The birth ceremony consists of:

  • The newborn being given their personal totem, which will be with them for the rest of their life. The giving of the totem helps to identify the responsibilities and duties that the newborn must fulfill during their life, in particular in relation to the preservation of their totem.

  • The newborn is believed to be a reincarnation of a spirit from a deceased person. It is believed that these spirits wait near totemic sites, and choose the woman whom to be born from when the woman passes the site.

Rituals for the death ceremony:

  • Vary from group to group.

  • Some groups bury their dead, while others cremate the body or placed it on a tree platforms.

  • Special Aboriginal burial sites are marked by a mound, special markings, decorated etc. Carved wooden poles are also placed, and these are known as Pakamani poles.

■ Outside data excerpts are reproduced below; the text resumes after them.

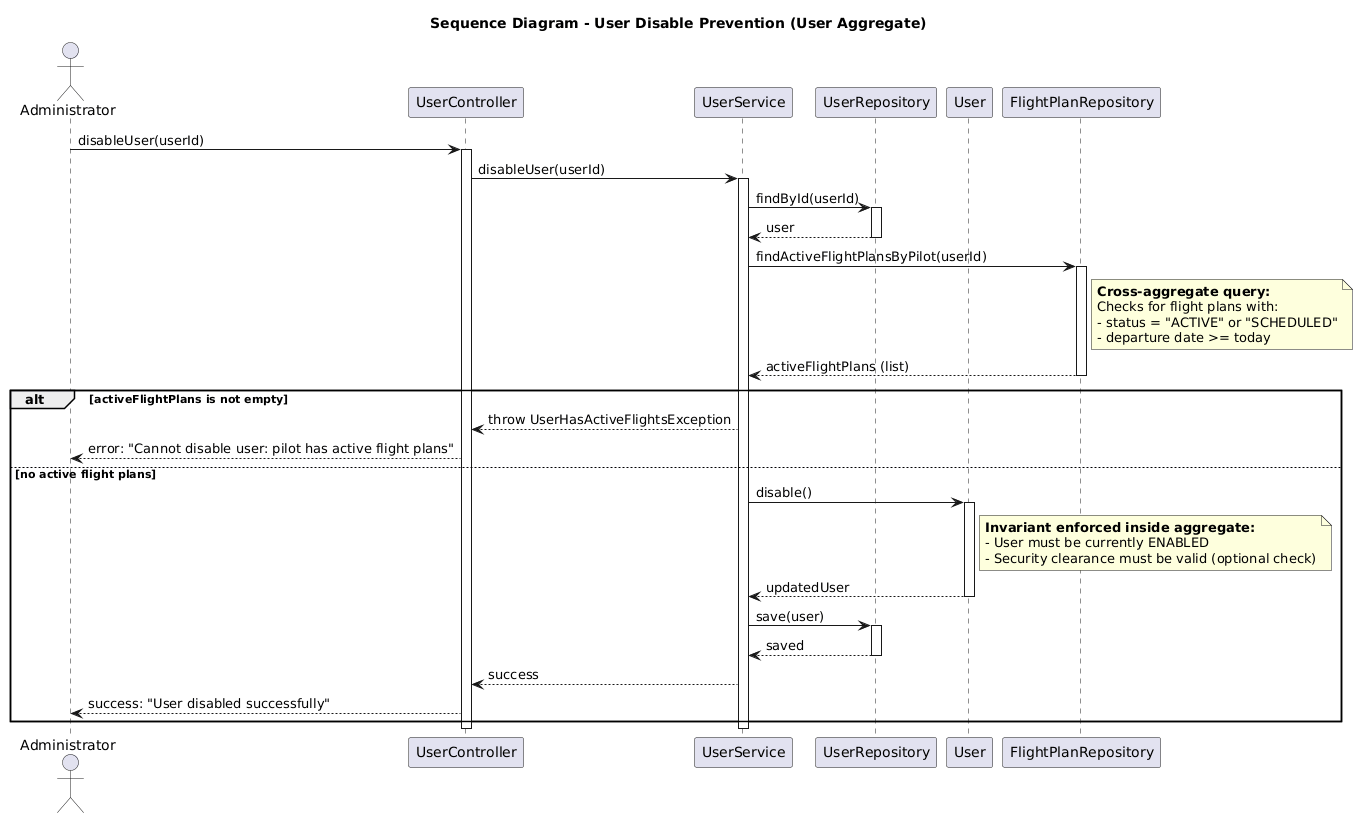

The diagram above was rendered by PlantUML. Its source (embedded in the PNG):
@startuml
title Sequence Diagram - User Disable Prevention (User Aggregate)

actor "Administrator" as Admin
participant "UserController" as Controller
participant "UserService" as Service
participant "UserRepository" as UserRepo
participant "User" as Aggregate
participant "FlightPlanRepository" as FlightRepo

Admin -> Controller: disableUser(userId)
activate Controller

Controller -> Service: disableUser(userId)
activate Service

Service -> UserRepo: findById(userId)
activate UserRepo
UserRepo --> Service: user
deactivate UserRepo

Service -> FlightRepo: findActiveFlightPlansByPilot(userId)
activate FlightRepo
note right of FlightRepo
    **Cross-aggregate query:**
    Checks for flight plans with:
    - status = "ACTIVE" or "SCHEDULED"
    - departure date >= today
end note
FlightRepo --> Service: activeFlightPlans (list)
deactivate FlightRepo

alt activeFlightPlans is not empty
    Service --> Controller: throw UserHasActiveFlightsException
    Controller --> Admin: error: "Cannot disable user: pilot has active flight plans"
else no active flight plans
    Service -> Aggregate: disable()
    activate Aggregate
    note right of Aggregate
        **Invariant enforced inside aggregate:**
        - User must be currently ENABLED
        - Security clearance must be valid (optional check)
    end note
    Aggregate --> Service: updatedUser
    deactivate Aggregate
    
    Service -> UserRepo: save(user)
    activate UserRepo
    UserRepo --> Service: saved
    deactivate UserRepo
    
    Service --> Controller: success
    Controller --> Admin: success: "User disabled successfully"
end

deactivate Service
deactivate Controller
@enduml

  • Mummification or delayed burial can also occur, so that the various mourning rituals could be completed (according to the group).

  • These rituals can involve special chants, dances, body paints, arm bands, mourners wailing etc.

  • The dead person’s belongings are also disposed of. The purpose of funeral rites is to give deceased individuals a proper burial that allows their spirit to go back to their ancestral home.

  • The people partaking in the funeral rites are very careful not to disturb the spirit, as it is now considered to be sacred. Funeral rituals aim to provide safe passage for the spirit as it moves into the afterlife.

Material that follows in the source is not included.